Features of a number of important but poorly explained human clinical syndromes strongly indicate a microbial etiology. In these syndromes, the failure of cultivation-dependent microbial detection methods reveals our ignorance of microbial growth requirements. Sequence-based molecular methods, however, offer alternative approaches for microbial identification directly from host specimens found in the setting of unexplained acute illnesses, chronic inflammatory disease, and from anatomic sites that contain commensal microflora. The rapid expansion of genome sequence databases and advances in biotechnology present opportunities and challenges: identification of consensus sequences from which reliable, specific phylogenetic information can be inferred for all taxonomic groups of pathogens, broad-range pathogen identification on the basis of virulence-associated gene families, and use of host gene expression response profiles as specific signatures of microbial infection.

Identification of uncultured microorganisms: expanding the spectrum of characterized microbial pathogens.

The combination of enzymatic nucleic acid amplification techniques with 16S rRNA-based molecular phylogeny has brought about a new approach to the identification of microbial pathogens that can not be cultivated in the laboratory.

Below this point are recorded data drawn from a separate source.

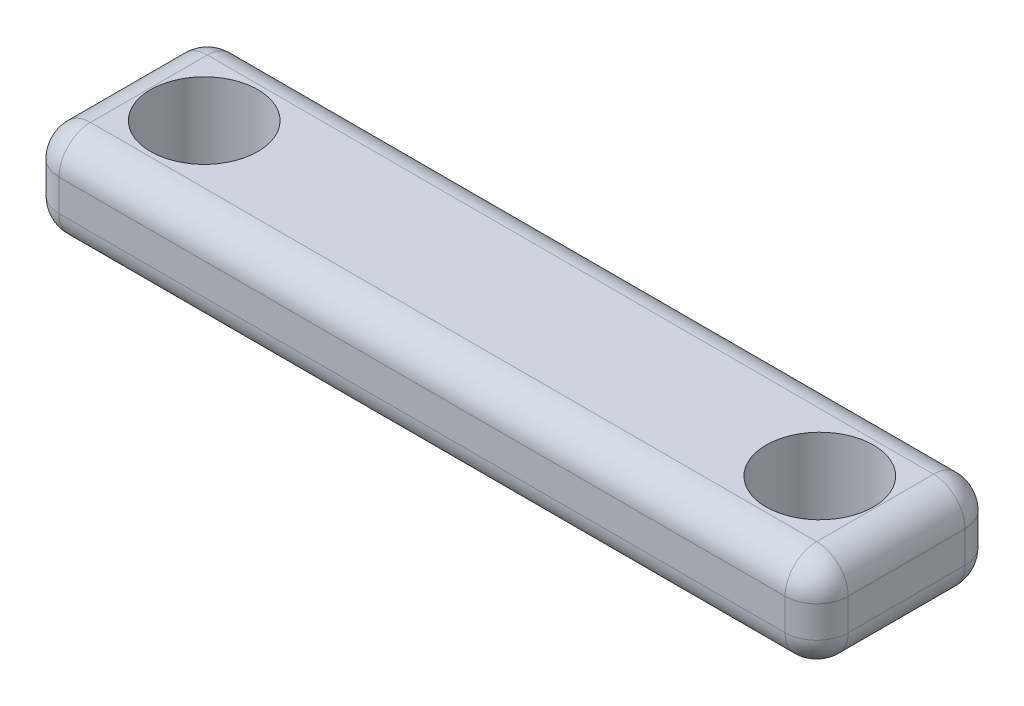
ISO-10303-21;
HEADER;
FILE_DESCRIPTION(('STEP AP214'),'2;1');
FILE_NAME('part.step','',(''),(''),'','','');
FILE_SCHEMA(('AUTOMOTIVE_DESIGN { 1 0 10303 214 1 1 1 1 }'));
ENDSEC;
DATA;
#1=APPLICATION_CONTEXT('core data for automotive mechanical design processes');
#2=APPLICATION_PROTOCOL_DEFINITION('international standard','automotive_design',2000,#1);
#3=PRODUCT_CONTEXT('',#1,'mechanical');
#4=PRODUCT('Part','Part','',(#3));
#5=PRODUCT_RELATED_PRODUCT_CATEGORY('part','',(#4));
#6=PRODUCT_DEFINITION_FORMATION('','',#4);
#7=PRODUCT_DEFINITION_CONTEXT('part definition',#1,'design');
#8=PRODUCT_DEFINITION('design','',#6,#7);
#9=PRODUCT_DEFINITION_SHAPE('','',#8);
#10=(LENGTH_UNIT() NAMED_UNIT(*) SI_UNIT(.MILLI.,.METRE.));
#11=(NAMED_UNIT(*) PLANE_ANGLE_UNIT() SI_UNIT($,.RADIAN.));
#12=(NAMED_UNIT(*) SI_UNIT($,.STERADIAN.) SOLID_ANGLE_UNIT());
#13=UNCERTAINTY_MEASURE_WITH_UNIT(LENGTH_MEASURE(1.E-05),#10,'distance_accuracy_value','');
#14=(GEOMETRIC_REPRESENTATION_CONTEXT(3) GLOBAL_UNCERTAINTY_ASSIGNED_CONTEXT((#13)) GLOBAL_UNIT_ASSIGNED_CONTEXT((#10,
#11,#12)) REPRESENTATION_CONTEXT('',''));
#15=CARTESIAN_POINT('',(0.,0.,0.));
#16=DIRECTION('',(0.,0.,1.));
#17=DIRECTION('',(1.,0.,0.));
#18=AXIS2_PLACEMENT_3D('',#15,#16,#17);
#19=CARTESIAN_POINT('',(0.,3.,0.));
#20=DIRECTION('',(0.,-1.,0.));
#21=DIRECTION('',(0.,0.,-1.));
#22=AXIS2_PLACEMENT_3D('',#19,#20,#21);
#23=PLANE('',#22);
#24=DIRECTION('',(0.,0.,-1.));
#25=VECTOR('',#24,1.);
#26=CARTESIAN_POINT('',(24.,3.,0.));
#27=LINE('',#26,#25);
#28=CARTESIAN_POINT('',(24.,3.,-1.));
#29=VERTEX_POINT('',#28);
#30=CARTESIAN_POINT('',(24.,3.,-4.7));
#31=VERTEX_POINT('',#30);
#32=EDGE_CURVE('E144',#29,#31,#27,.T.);
#33=ORIENTED_EDGE('',*,*,#32,.T.);
#34=DIRECTION('',(-1.,0.,0.));
#35=VECTOR('',#34,1.);
#36=CARTESIAN_POINT('',(0.,3.,-4.7));
#37=LINE('',#36,#35);
#38=CARTESIAN_POINT('',(1.,3.,-4.7));
#39=VERTEX_POINT('',#38);
#40=EDGE_CURVE('E139',#31,#39,#37,.T.);
#41=ORIENTED_EDGE('',*,*,#40,.T.);
#42=DIRECTION('',(0.,0.,1.));
#43=VECTOR('',#42,1.);
#44=CARTESIAN_POINT('',(1.,3.,0.));
#45=LINE('',#44,#43);
#46=CARTESIAN_POINT('',(1.,3.,-1.));
#47=VERTEX_POINT('',#46);
#48=EDGE_CURVE('E131',#39,#47,#45,.T.);
#49=ORIENTED_EDGE('',*,*,#48,.T.);
#50=DIRECTION('',(1.,0.,0.));
#51=VECTOR('',#50,1.);
#52=CARTESIAN_POINT('',(0.,3.,-1.));
#53=LINE('',#52,#51);
#54=EDGE_CURVE('E136',#47,#29,#53,.T.);
#55=ORIENTED_EDGE('',*,*,#54,.T.);
#56=EDGE_LOOP('',(#33,#41,#49,#55));
#57=FACE_BOUND('',#56,.T.);
#58=CARTESIAN_POINT('',(2.75,3.,-2.85));
#59=DIRECTION('',(0.,1.,0.));
#60=DIRECTION('',(0.,0.,1.));
#61=AXIS2_PLACEMENT_3D('',#58,#59,#60);
#62=CIRCLE('',#61,1.7);
#63=CARTESIAN_POINT('',(2.75,3.,-1.15));
#64=VERTEX_POINT('',#63);
#65=EDGE_CURVE('E173',#64,#64,#62,.T.);
#66=ORIENTED_EDGE('',*,*,#65,.F.);
#67=EDGE_LOOP('',(#66));
#68=FACE_BOUND('',#67,.T.);
#69=CARTESIAN_POINT('',(22.25,3.,-2.85));
#70=DIRECTION('',(0.,1.,0.));
#71=DIRECTION('',(0.,0.,1.));
#72=AXIS2_PLACEMENT_3D('',#69,#70,#71);
#73=CIRCLE('',#72,1.7);
#74=CARTESIAN_POINT('',(22.25,3.,-1.15));
#75=VERTEX_POINT('',#74);
#76=EDGE_CURVE('E327',#75,#75,#73,.T.);
#77=ORIENTED_EDGE('',*,*,#76,.F.);
#78=EDGE_LOOP('',(#77));
#79=FACE_BOUND('',#78,.T.);
#80=ADVANCED_FACE('F43',(#57,#68,#79),#23,.F.);
#81=CARTESIAN_POINT('',(0.,0.,0.));
#82=DIRECTION('',(0.,-1.,0.));
#83=DIRECTION('',(0.,0.,-1.));
#84=AXIS2_PLACEMENT_3D('',#81,#82,#83);
#85=PLANE('',#84);
#86=DIRECTION('',(0.,0.,1.));
#87=VECTOR('',#86,1.);
#88=CARTESIAN_POINT('',(1.,0.,-5.7));
#89=LINE('',#88,#87);
#90=CARTESIAN_POINT('',(1.,0.,-1.));
#91=VERTEX_POINT('',#90);
#92=CARTESIAN_POINT('',(1.,0.,-4.7));
#93=VERTEX_POINT('',#92);
#94=EDGE_CURVE('E202',#91,#93,#89,.F.);
#95=ORIENTED_EDGE('',*,*,#94,.T.);
#96=DIRECTION('',(-1.,0.,0.));
#97=VECTOR('',#96,1.);
#98=CARTESIAN_POINT('',(25.,0.,-4.7));
#99=LINE('',#98,#97);
#100=CARTESIAN_POINT('',(24.,0.,-4.7));
#101=VERTEX_POINT('',#100);
#102=EDGE_CURVE('E209',#93,#101,#99,.F.);
#103=ORIENTED_EDGE('',*,*,#102,.T.);
#104=DIRECTION('',(0.,0.,-1.));
#105=VECTOR('',#104,1.);
#106=CARTESIAN_POINT('',(24.,0.,0.));
#107=LINE('',#106,#105);
#108=CARTESIAN_POINT('',(24.,0.,-1.));
#109=VERTEX_POINT('',#108);
#110=EDGE_CURVE('E205',#101,#109,#107,.F.);
#111=ORIENTED_EDGE('',*,*,#110,.T.);
#112=DIRECTION('',(1.,0.,0.));
#113=VECTOR('',#112,1.);
#114=CARTESIAN_POINT('',(0.,0.,-1.));
#115=LINE('',#114,#113);
#116=EDGE_CURVE('E199',#109,#91,#115,.F.);
#117=ORIENTED_EDGE('',*,*,#116,.T.);
#118=EDGE_LOOP('',(#95,#103,#111,#117));
#119=FACE_BOUND('',#118,.T.);
#120=CARTESIAN_POINT('',(2.75,0.,-2.85));
#121=DIRECTION('',(0.,1.,0.));
#122=DIRECTION('',(0.,0.,1.));
#123=AXIS2_PLACEMENT_3D('',#120,#121,#122);
#124=CIRCLE('',#123,1.7);
#125=CARTESIAN_POINT('',(2.75,0.,-1.15));
#126=VERTEX_POINT('',#125);
#127=EDGE_CURVE('E178',#126,#126,#124,.T.);
#128=ORIENTED_EDGE('',*,*,#127,.T.);
#129=EDGE_LOOP('',(#128));
#130=FACE_BOUND('',#129,.T.);
#131=CARTESIAN_POINT('',(22.25,0.,-2.85));
#132=DIRECTION('',(0.,1.,0.));
#133=DIRECTION('',(0.,0.,1.));
#134=AXIS2_PLACEMENT_3D('',#131,#132,#133);
#135=CIRCLE('',#134,1.7);
#136=CARTESIAN_POINT('',(22.25,0.,-1.15));
#137=VERTEX_POINT('',#136);
#138=EDGE_CURVE('E319',#137,#137,#135,.T.);
#139=ORIENTED_EDGE('',*,*,#138,.T.);
#140=EDGE_LOOP('',(#139));
#141=FACE_BOUND('',#140,.T.);
#142=ADVANCED_FACE('F343',(#119,#130,#141),#85,.T.);
#143=CARTESIAN_POINT('',(0.,3.,0.));
#144=DIRECTION('',(1.,0.,0.));
#145=DIRECTION('',(0.,0.,-1.));
#146=AXIS2_PLACEMENT_3D('',#143,#144,#145);
#147=PLANE('',#146);
#148=DIRECTION('',(0.,0.,1.));
#149=VECTOR('',#148,1.);
#150=CARTESIAN_POINT('',(0.,2.,0.));
#151=LINE('',#150,#149);
#152=CARTESIAN_POINT('',(0.,2.,-1.));
#153=VERTEX_POINT('',#152);
#154=CARTESIAN_POINT('',(0.,2.,-4.7));
#155=VERTEX_POINT('',#154);
#156=EDGE_CURVE('E152',#153,#155,#151,.F.);
#157=ORIENTED_EDGE('',*,*,#156,.T.);
#158=DIRECTION('',(0.,-1.,0.));
#159=VECTOR('',#158,1.);
#160=CARTESIAN_POINT('',(0.,3.,-4.7));
#161=LINE('',#160,#159);
#162=CARTESIAN_POINT('',(0.,1.,-4.7));
#163=VERTEX_POINT('',#162);
#164=EDGE_CURVE('E220',#155,#163,#161,.T.);
#165=ORIENTED_EDGE('',*,*,#164,.T.);
#166=DIRECTION('',(0.,0.,1.));
#167=VECTOR('',#166,1.);
#168=CARTESIAN_POINT('',(0.,1.,0.));
#169=LINE('',#168,#167);
#170=CARTESIAN_POINT('',(0.,1.,-1.));
#171=VERTEX_POINT('',#170);
#172=EDGE_CURVE('E215',#163,#171,#169,.T.);
#173=ORIENTED_EDGE('',*,*,#172,.T.);
#174=DIRECTION('',(0.,-1.,0.));
#175=VECTOR('',#174,1.);
#176=CARTESIAN_POINT('',(0.,3.,-1.));
#177=LINE('',#176,#175);
#178=EDGE_CURVE('E212',#171,#153,#177,.F.);
#179=ORIENTED_EDGE('',*,*,#178,.T.);
#180=EDGE_LOOP('',(#157,#165,#173,#179));
#181=FACE_BOUND('',#180,.T.);
#182=ADVANCED_FACE('F364',(#181),#147,.F.);
#183=CARTESIAN_POINT('',(0.,3.,0.));
#184=DIRECTION('',(0.,0.,-1.));
#185=DIRECTION('',(-1.,0.,0.));
#186=AXIS2_PLACEMENT_3D('',#183,#184,#185);
#187=PLANE('',#186);
#188=DIRECTION('',(1.,0.,0.));
#189=VECTOR('',#188,1.);
#190=CARTESIAN_POINT('',(0.,2.,0.));
#191=LINE('',#190,#189);
#192=CARTESIAN_POINT('',(24.,2.,0.));
#193=VERTEX_POINT('',#192);
#194=CARTESIAN_POINT('',(1.,2.,0.));
#195=VERTEX_POINT('',#194);
#196=EDGE_CURVE('E53',#193,#195,#191,.F.);
#197=ORIENTED_EDGE('',*,*,#196,.T.);
#198=DIRECTION('',(0.,-1.,0.));
#199=VECTOR('',#198,1.);
#200=CARTESIAN_POINT('',(1.,3.,0.));
#201=LINE('',#200,#199);
#202=CARTESIAN_POINT('',(1.,1.,0.));
#203=VERTEX_POINT('',#202);
#204=EDGE_CURVE('E11',#195,#203,#201,.T.);
#205=ORIENTED_EDGE('',*,*,#204,.T.);
#206=DIRECTION('',(1.,0.,0.));
#207=VECTOR('',#206,1.);
#208=CARTESIAN_POINT('',(25.,1.,0.));
#209=LINE('',#208,#207);
#210=CARTESIAN_POINT('',(24.,1.,0.));
#211=VERTEX_POINT('',#210);
#212=EDGE_CURVE('E236',#203,#211,#209,.T.);
#213=ORIENTED_EDGE('',*,*,#212,.T.);
#214=DIRECTION('',(0.,-1.,0.));
#215=VECTOR('',#214,1.);
#216=CARTESIAN_POINT('',(24.,3.,0.));
#217=LINE('',#216,#215);
#218=EDGE_CURVE('E64',#211,#193,#217,.F.);
#219=ORIENTED_EDGE('',*,*,#218,.T.);
#220=EDGE_LOOP('',(#197,#205,#213,#219));
#221=FACE_BOUND('',#220,.T.);
#222=ADVANCED_FACE('F370',(#221),#187,.F.);
#223=CARTESIAN_POINT('',(25.,3.,0.));
#224=DIRECTION('',(-1.,0.,0.));
#225=DIRECTION('',(0.,0.,1.));
#226=AXIS2_PLACEMENT_3D('',#223,#224,#225);
#227=PLANE('',#226);
#228=DIRECTION('',(0.,0.,-1.));
#229=VECTOR('',#228,1.);
#230=CARTESIAN_POINT('',(25.,1.,-5.7));
#231=LINE('',#230,#229);
#232=CARTESIAN_POINT('',(25.,1.,-1.));
#233=VERTEX_POINT('',#232);
#234=CARTESIAN_POINT('',(25.,1.,-4.7));
#235=VERTEX_POINT('',#234);
#236=EDGE_CURVE('E189',#233,#235,#231,.T.);
#237=ORIENTED_EDGE('',*,*,#236,.T.);
#238=DIRECTION('',(0.,-1.,0.));
#239=VECTOR('',#238,1.);
#240=CARTESIAN_POINT('',(25.,3.,-4.7));
#241=LINE('',#240,#239);
#242=CARTESIAN_POINT('',(25.,2.,-4.7));
#243=VERTEX_POINT('',#242);
#244=EDGE_CURVE('E196',#235,#243,#241,.F.);
#245=ORIENTED_EDGE('',*,*,#244,.T.);
#246=DIRECTION('',(0.,0.,-1.));
#247=VECTOR('',#246,1.);
#248=CARTESIAN_POINT('',(25.,2.,0.));
#249=LINE('',#248,#247);
#250=CARTESIAN_POINT('',(25.,2.,-1.));
#251=VERTEX_POINT('',#250);
#252=EDGE_CURVE('E192',#243,#251,#249,.F.);
#253=ORIENTED_EDGE('',*,*,#252,.T.);
#254=DIRECTION('',(0.,-1.,0.));
#255=VECTOR('',#254,1.);
#256=CARTESIAN_POINT('',(25.,3.,-1.));
#257=LINE('',#256,#255);
#258=EDGE_CURVE('E186',#251,#233,#257,.T.);
#259=ORIENTED_EDGE('',*,*,#258,.T.);
#260=EDGE_LOOP('',(#237,#245,#253,#259));
#261=FACE_BOUND('',#260,.T.);
#262=ADVANCED_FACE('F356',(#261),#227,.F.);
#263=CARTESIAN_POINT('',(0.,3.,-5.7));
#264=DIRECTION('',(0.,0.,1.));
#265=DIRECTION('',(1.,0.,0.));
#266=AXIS2_PLACEMENT_3D('',#263,#264,#265);
#267=PLANE('',#266);
#268=DIRECTION('',(-1.,0.,0.));
#269=VECTOR('',#268,1.);
#270=CARTESIAN_POINT('',(0.,2.,-5.7));
#271=LINE('',#270,#269);
#272=CARTESIAN_POINT('',(1.,2.,-5.7));
#273=VERTEX_POINT('',#272);
#274=CARTESIAN_POINT('',(24.,2.,-5.7));
#275=VERTEX_POINT('',#274);
#276=EDGE_CURVE('E229',#273,#275,#271,.F.);
#277=ORIENTED_EDGE('',*,*,#276,.T.);
#278=DIRECTION('',(0.,-1.,0.));
#279=VECTOR('',#278,1.);
#280=CARTESIAN_POINT('',(24.,3.,-5.7));
#281=LINE('',#280,#279);
#282=CARTESIAN_POINT('',(24.,1.,-5.7));
#283=VERTEX_POINT('',#282);
#284=EDGE_CURVE('E232',#275,#283,#281,.T.);
#285=ORIENTED_EDGE('',*,*,#284,.T.);
#286=DIRECTION('',(-1.,0.,0.));
#287=VECTOR('',#286,1.);
#288=CARTESIAN_POINT('',(0.,1.,-5.7));
#289=LINE('',#288,#287);
#290=CARTESIAN_POINT('',(1.,1.,-5.7));
#291=VERTEX_POINT('',#290);
#292=EDGE_CURVE('E223',#283,#291,#289,.T.);
#293=ORIENTED_EDGE('',*,*,#292,.T.);
#294=DIRECTION('',(0.,-1.,0.));
#295=VECTOR('',#294,1.);
#296=CARTESIAN_POINT('',(1.,3.,-5.7));
#297=LINE('',#296,#295);
#298=EDGE_CURVE('E226',#291,#273,#297,.F.);
#299=ORIENTED_EDGE('',*,*,#298,.T.);
#300=EDGE_LOOP('',(#277,#285,#293,#299));
#301=FACE_BOUND('',#300,.T.);
#302=ADVANCED_FACE('F348',(#301),#267,.F.);
#303=CARTESIAN_POINT('',(2.75,3.,-2.85));
#304=DIRECTION('',(0.,-1.,0.));
#305=DIRECTION('',(0.,0.,-1.));
#306=AXIS2_PLACEMENT_3D('',#303,#304,#305);
#307=CYLINDRICAL_SURFACE('',#306,1.7);
#308=ORIENTED_EDGE('',*,*,#65,.T.);
#309=EDGE_LOOP('',(#308));
#310=FACE_BOUND('',#309,.T.);
#311=ORIENTED_EDGE('',*,*,#127,.F.);
#312=EDGE_LOOP('',(#311));
#313=FACE_BOUND('',#312,.T.);
#314=ADVANCED_FACE('F345',(#310,#313),#307,.F.);
#315=CARTESIAN_POINT('',(22.25,3.,-2.85));
#316=DIRECTION('',(0.,-1.,0.));
#317=DIRECTION('',(0.,0.,-1.));
#318=AXIS2_PLACEMENT_3D('',#315,#316,#317);
#319=CYLINDRICAL_SURFACE('',#318,1.7);
#320=ORIENTED_EDGE('',*,*,#76,.T.);
#321=EDGE_LOOP('',(#320));
#322=FACE_BOUND('',#321,.T.);
#323=ORIENTED_EDGE('',*,*,#138,.F.);
#324=EDGE_LOOP('',(#323));
#325=FACE_BOUND('',#324,.T.);
#326=ADVANCED_FACE('F347',(#322,#325),#319,.F.);
#327=CARTESIAN_POINT('',(1.,1.,0.));
#328=DIRECTION('',(0.,0.,-1.));
#329=DIRECTION('',(-1.,0.,0.));
#330=AXIS2_PLACEMENT_3D('',#327,#328,#329);
#331=CYLINDRICAL_SURFACE('',#330,1.);
#332=CARTESIAN_POINT('',(1.,1.,-1.));
#333=DIRECTION('',(0.,0.,1.));
#334=DIRECTION('',(1.,0.,0.));
#335=AXIS2_PLACEMENT_3D('',#332,#333,#334);
#336=CIRCLE('',#335,1.);
#337=EDGE_CURVE('E47',#171,#91,#336,.T.);
#338=ORIENTED_EDGE('',*,*,#337,.F.);
#339=ORIENTED_EDGE('',*,*,#172,.F.);
#340=CARTESIAN_POINT('',(1.,1.,-4.7));
#341=DIRECTION('',(0.,0.,-1.));
#342=DIRECTION('',(-1.,0.,0.));
#343=AXIS2_PLACEMENT_3D('',#340,#341,#342);
#344=CIRCLE('',#343,1.);
#345=EDGE_CURVE('E309',#93,#163,#344,.T.);
#346=ORIENTED_EDGE('',*,*,#345,.F.);
#347=ORIENTED_EDGE('',*,*,#94,.F.);
#348=EDGE_LOOP('',(#338,#339,#346,#347));
#349=FACE_BOUND('',#348,.T.);
#350=ADVANCED_FACE('F45',(#349),#331,.T.);
#351=CARTESIAN_POINT('',(1.,1.,-1.));
#352=DIRECTION('',(0.,-1.,0.));
#353=DIRECTION('',(0.,0.,-1.));
#354=AXIS2_PLACEMENT_3D('',#351,#352,#353);
#355=SPHERICAL_SURFACE('',#354,1.);
#356=CARTESIAN_POINT('',(1.,1.,-1.));
#357=DIRECTION('',(0.,-1.,0.));
#358=DIRECTION('',(0.,0.,-1.));
#359=AXIS2_PLACEMENT_3D('',#356,#357,#358);
#360=CIRCLE('',#359,1.);
#361=EDGE_CURVE('E302',#171,#203,#360,.F.);
#362=ORIENTED_EDGE('',*,*,#361,.F.);
#363=ORIENTED_EDGE('',*,*,#337,.T.);
#364=CARTESIAN_POINT('',(1.,1.,-1.));
#365=DIRECTION('',(-1.,0.,0.));
#366=DIRECTION('',(0.,0.,1.));
#367=AXIS2_PLACEMENT_3D('',#364,#365,#366);
#368=CIRCLE('',#367,1.);
#369=EDGE_CURVE('E306',#203,#91,#368,.F.);
#370=ORIENTED_EDGE('',*,*,#369,.F.);
#371=EDGE_LOOP('',(#362,#363,#370));
#372=FACE_BOUND('',#371,.T.);
#373=ADVANCED_FACE('F441',(#372),#355,.T.);
#374=CARTESIAN_POINT('',(1.,1.,-4.7));
#375=DIRECTION('',(-1.,0.,0.));
#376=DIRECTION('',(0.,0.,1.));
#377=AXIS2_PLACEMENT_3D('',#374,#375,#376);
#378=SPHERICAL_SURFACE('',#377,1.);
#379=CARTESIAN_POINT('',(1.,1.,-4.7));
#380=DIRECTION('',(-1.,0.,0.));
#381=DIRECTION('',(0.,0.,1.));
#382=AXIS2_PLACEMENT_3D('',#379,#380,#381);
#383=CIRCLE('',#382,1.);
#384=EDGE_CURVE('E294',#93,#291,#383,.F.);
#385=ORIENTED_EDGE('',*,*,#384,.F.);
#386=ORIENTED_EDGE('',*,*,#345,.T.);
#387=CARTESIAN_POINT('',(1.,1.,-4.7));
#388=DIRECTION('',(0.,-1.,0.));
#389=DIRECTION('',(0.,0.,-1.));
#390=AXIS2_PLACEMENT_3D('',#387,#388,#389);
#391=CIRCLE('',#390,1.);
#392=EDGE_CURVE('E298',#291,#163,#391,.F.);
#393=ORIENTED_EDGE('',*,*,#392,.F.);
#394=EDGE_LOOP('',(#385,#386,#393));
#395=FACE_BOUND('',#394,.T.);
#396=ADVANCED_FACE('F438',(#395),#378,.T.);
#397=CARTESIAN_POINT('',(0.,1.,-1.));
#398=DIRECTION('',(-1.,0.,0.));
#399=DIRECTION('',(0.,0.,1.));
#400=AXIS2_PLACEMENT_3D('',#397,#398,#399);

The applications of this experimental approach to bacillary angiomatosis and to Whipple's disease have revealed the presence of two previously uncharacterized organisms. These results suggest the existence of a far greater microbial diversity among human pathogens than has been so far appreciated with culture-dependent methods. PCR-based studies of aquatic environmental microbial communities have already reached similar conclusions. As a result, new and provocative questions are raised concerning the association of amplified 16S rRNA sequences with diseased tissue. The answers must await the results of further investigations and the expansion of sequence data bases.

Using DNA microarrays to study host-microbe interactions.

Complete genomic sequences of microbial pathogens and hosts offer sophisticated new strategies for studying host-pathogen interactions. DNA microarrays exploit primary sequence data to measure transcript levels and detect sequence polymorphisms, for every gene, simultaneously. The design and construction of a DNA microarray for any given microbial genome are straightforward. By monitoring microbial gene expression, one can predict the functions of uncharacterized genes, probe the physiologic adaptations made under various environmental conditions, identify virulence-associated genes, and test the effects of drugs. Similarly, by using host gene microarrays, one can explore host response at the level of gene expression and provide a molecular description of the events that follow infection. Host profiling might also identify gene expression signatures unique for each pathogen, thus providing a novel tool for diagnosis, prognosis, and clinical management of infectious disease.